Weak demand from U.S consumers on foreign goods comes as a result from elevated unemployment along with tight credit condition, where the sink in exported prices comes as a natural result from the rise in the value of the Dollar over the past period which hammers down exports from the U.S to the rest of the world, not to mention weak global demand as the aftermath of the recession continues to affect various countries and stall global recovery.

Meanwhile, the housing sector in the united states continue to seek stability amidst the current economical improvement the U.S economy is going under whereas expectations show that the economy will continue to recover throughout the course of this year in order to meet its long term growth potentials by next year, but the near termination of various stimulus plans affected the performance of the sector to recover from the worst financial crisis in decades thus sales of housing starts and permits dropped in February.

Housing starts report showed that the number of sold houses dropped in the month of February to 575 thousand units where it comes above the expected 570 thousand while below the previous reported estimate of 591 thousand that got revised to 611 thousand, the report showed that house sales dropped on the monthly scale by 5.9% compared with the previous revised 6.6 percent, and worse than market expectations of -3.6 percent.
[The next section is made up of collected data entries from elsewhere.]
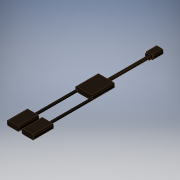
# Autodesk Inventor part: phone wire
Saved by Autodesk Inventor 2017 (Build 210142000, 142)
## iProperties
Created: 2017-12-02
Part Number: phone wire
Material: PAEK Plastic
Document SubType Name: Modeling
Designer: User
Density: 1.32 g/cm^3
Appearance: Smooth - White
Author: User
Autodesk Inventor part; units mm, degrees
ref_plane "YZ Plane" through (0, 0, 0) normal (1, 0, 0) x (0, 1, 0)
ref_plane "XZ Plane" through (0, 0, 0) normal (0, 1, 0) x (-1, 0, 0)
ref_plane "XY Plane" through (0, 0, 0) normal (0, 0, 1) x (1, 0, 0)
sketch "Sketch1" plane through (0, 0, 0) normal (0, 1, 0) x (-1, 0, 0)
  line L0 (0, 0) -> (9.525, 0)
  line L1 (9.525, 0) -> (9.525, -12.7)
  line L2 (9.525, -12.7) -> (0, -12.7)
  line L3 (0, -12.7) -> (0, 0)
  line L4 (7.9375, 0) -> (1.5875, 0)
  line L5 (1.5875, 0) -> (1.5875, 2.7348)
  line L6 (1.5875, 2.7348) -> (7.9375, 2.7348)
  line L7 (7.9375, 2.7348) -> (7.9375, 0)
  line L8 (6.35, 2.7348) -> (3.175, 2.7348)
  line L9 (3.175, 2.7348) -> (3.175, 56.7098)
  line L10 (3.175, 56.7098) -> (6.35, 56.7098)
  line L11 (6.35, 56.7098) -> (6.35, 2.7348)
  line L12 (15.875, 56.7098) -> (-6.35, 56.7098)
  line L13 (-6.35, 56.7098) -> (-6.35, 85.2848)
  line L14 (-6.35, 85.2848) -> (15.875, 85.2848)
  line L15 (15.875, 85.2848) -> (15.875, 56.7098)
  line L16 (15.875, 85.2848) -> (12.7, 85.2848)
  line L17 (12.7, 85.2848) -> (12.7, 142.4348)
  line L18 (12.7, 142.4348) -> (15.875, 142.4348)
  line L19 (15.875, 142.4348) -> (15.875, 85.2848)
  line L20 (-6.35, 85.2848) -> (-3.175, 85.2848)
  line L21 (-3.175, 85.2848) -> (-3.175, 142.4348)
  line L22 (-3.175, 142.4348) -> (-6.35, 142.4348)
  line L23 (-6.35, 142.4348) -> (-6.35, 85.2848)
  line L24 (6.35, 142.4348) -> (22.225, 142.4348)
  line L25 (22.225, 142.4348) -> (22.225, 167.8348)
  line L26 (22.225, 167.8348) -> (6.35, 167.8348)
  line L27 (6.35, 167.8348) -> (6.35, 142.4348)
  line L28 (-12.7, 142.4348) -> (3.175, 142.4348)
  line L29 (3.175, 142.4348) -> (3.175, 167.8348)
  line L30 (3.175, 167.8348) -> (-12.7, 167.8348)
  line L31 (-12.7, 167.8348) -> (-12.7, 142.4348)
  dimension "d0" = 9.525
  dimension "d1" = 12.7
  dimension "d2" = 6.35
  dimension "d3" = 3.175
  dimension "d4" = 53.975
  dimension "d5" = 1.5875
  dimension "d6" = 3.175
  dimension "d7" = 1.5875
  dimension "d8" = 1.5875
  dimension "d9" = 22.225
  dimension "d10" = 28.575
  dimension "d11" = 9.525
  dimension "d12" = 53.975
  dimension "d13" = 28.575
  dimension "d14" = 2.7348
  dimension "d15" = 3.175
  dimension "d16" = 3.175
  dimension "d17" = 57.15
  dimension "d18" = 15.875
  dimension "d19" = 25.4
  dimension "d20" = 6.35
  dimension "d21" = 57.15
  dimension "d22" = 15.875
  dimension "d23" = 25.4
  dimension "d24" = 57.15
  dimension "d25" = 6.35
  constraints: 64 end point, 16 parallel, 8 horizontal, 8 perpendicular, 4 point on line
  measures "d0" distance of L1.end L2.end
  measures "d1" distance of L0.end L1.end
  measures "d2" distance of L5.end L6.end
  measures "d3" distance of L9.end L10.end
  measures "d4" distance of L8.end L9.end
  measures "d5" distance of L6.end L8.start
  measures "d6" distance between parallel lines of L9 L11
  measures "d7" distance between parallel lines of L1 L7
  measures "d8" distance from line of L11 L6.end
  measures "d9" distance of L13.end L14.end
  measures "d10" distance between parallel lines of L14 L10
  measures "d11" distance between parallel lines of L11 L15
  measures "d12" distance between parallel lines of L6 L12
  measures "d13" distance between parallel lines of L12 L14
  measures "d14" distance between parallel lines of L0 L6
  measures "d15" distance of L17.end L18.end
  measures "d16" distance between parallel lines of L23 L21
  measures "d17" distance between parallel lines of L20 L22
  measures "d18" distance of L26.end L25.end
  measures "d19" distance of L25.end L24.end
  measures "d20" distance between parallel lines of L19 L25
  measures "d21" distance between parallel lines of L14 L24
  measures "d22" distance between parallel lines of L31 L29
  measures "d23" distance between parallel lines of L28 L30
  measures "d24" distance between parallel lines of L14 L28
  measures "d25" distance between parallel lines of L21 L29
extrude "Extrusion1" add sketch "Sketch1" along normal blind 6.35 contours L0 L1 L2 L3
extrude "Extrusion2" add sketch "Sketch1" along normal blind 6.35 contours L5 L6 L7 L0
extrude "Extrusion3" add sketch "Sketch1" along normal blind 3.175 contours L9 L10 L11 L6
extrude "Extrusion4" add sketch "Sketch1" along normal blind 6.35 contours L12 L13 L14 L15 L10
extrude "Extrusion5" add sketch "Sketch1" along normal blind 3.175 contours L23 L22 L21 L14 | L14 L17 L18 L19
extrude "Extrusion6" add sketch "Sketch1" along normal blind 6.35 contours L28 L31 L30 L29 L22 | L18 L24 L27 L26 L25
fillet "Fillet1" radius 1.5875 28 edges at (-22.225, 6.35, 155.1348) (-6.35, 6.35, 155.1348) (-12.7, 3.175, 113.8598) (-15.875, 3.175, 113.8598) (-15.875, 0, 99.5723) (-12.7, 0, 113.8598) (3.175, 0, 113.8598) (6.35, 0, 99.5723) (6.35, 6.35, 70.9973) (-3.175, 0, 29.7223) (-6.35, 0, 29.7223) (0, 0, -6.35) (-9.525, 0, -6.35) (-1.5875, 0, 1.3674) (-7.9375, 0, 1.3674) (12.7, 0, 155.1348) (-3.175, 0, 155.1348) (0, 6.35, -6.35) (-9.525, 6.35, -6.35) (-15.875, 6.35, 70.9973) (-3.175, 6.35, 155.1348) (12.7, 6.35, 155.1348) (-6.35, 0, 155.1348) (-22.225, 0, 155.1348) (-7.9375, 6.35, 1.3674) (-1.5875, 6.35, 1.3674) (3.175, 3.175, 113.8598) (6.35, 3.175, 113.8598)
equation "\"d5\" = 0.5 * d6"
equation "\"d22\" = d18"
equation "\"d23\" = d19"
body "Solid1"

Meanwhile building permits report, which provides a slight future outlook for house demands in the U.S; it reported a slight drop in permits reaching 612 thousand coming in slightly above market expectations of 601 thousand while below the previous revised 622 thousand applications, the reason for future demand on house permits might be highly related to the near termination government program “the Tax Credit” which is due to expire by the end of the first quarter of this year as the index showed that permit demand dropped by -1.6% compared with the previous revised -4.7%, while markets were expecting a decline of -3.4%.

Even though, the sector that initiated the worst financial conditions in more than seven decades are on the verge of recovery whereas economical conditions rose over the past few months especially by the start of the second half of 2009 as government support helped the sector recover in a gradual pace and follow the rest of recovering sectors at that time such as the manufacturing, services and industrials sectors, but the sector will need more time to stabilize and recover but the government would need to address the most important issue in the sector which is rising foreclosures that will continue to hammer down economical activities in the sector which comes as a natural cause from elevated unemployment along with tight credit conditions and weak demand in diverse parts of the sector, therefore it could take some time for the housing sector to recover from the worst slump it witnessed since WWII.

The news will have huge effect on markets as investors will most probably target higher yielding assets and riskier investments as stocks and commodities but that could change dramatically as minutes pass closer to the release of today’s Rate Decision by the Federal Reserve, where expectations show that law makers are moving towards limiting bank’s ability in trading thus it could affect financial shares even more and send indices down as they would lead the decline in stock markets today. But overall stock futures are still pointing north ahead of Fed Meeting where the DJIA future added 0.1% to trade at 10578 while the S&P 500 futures rose by 0.2% to 1147.70 while the NASDAQ 100 futures rose by 0.3% to trade at 1922.00.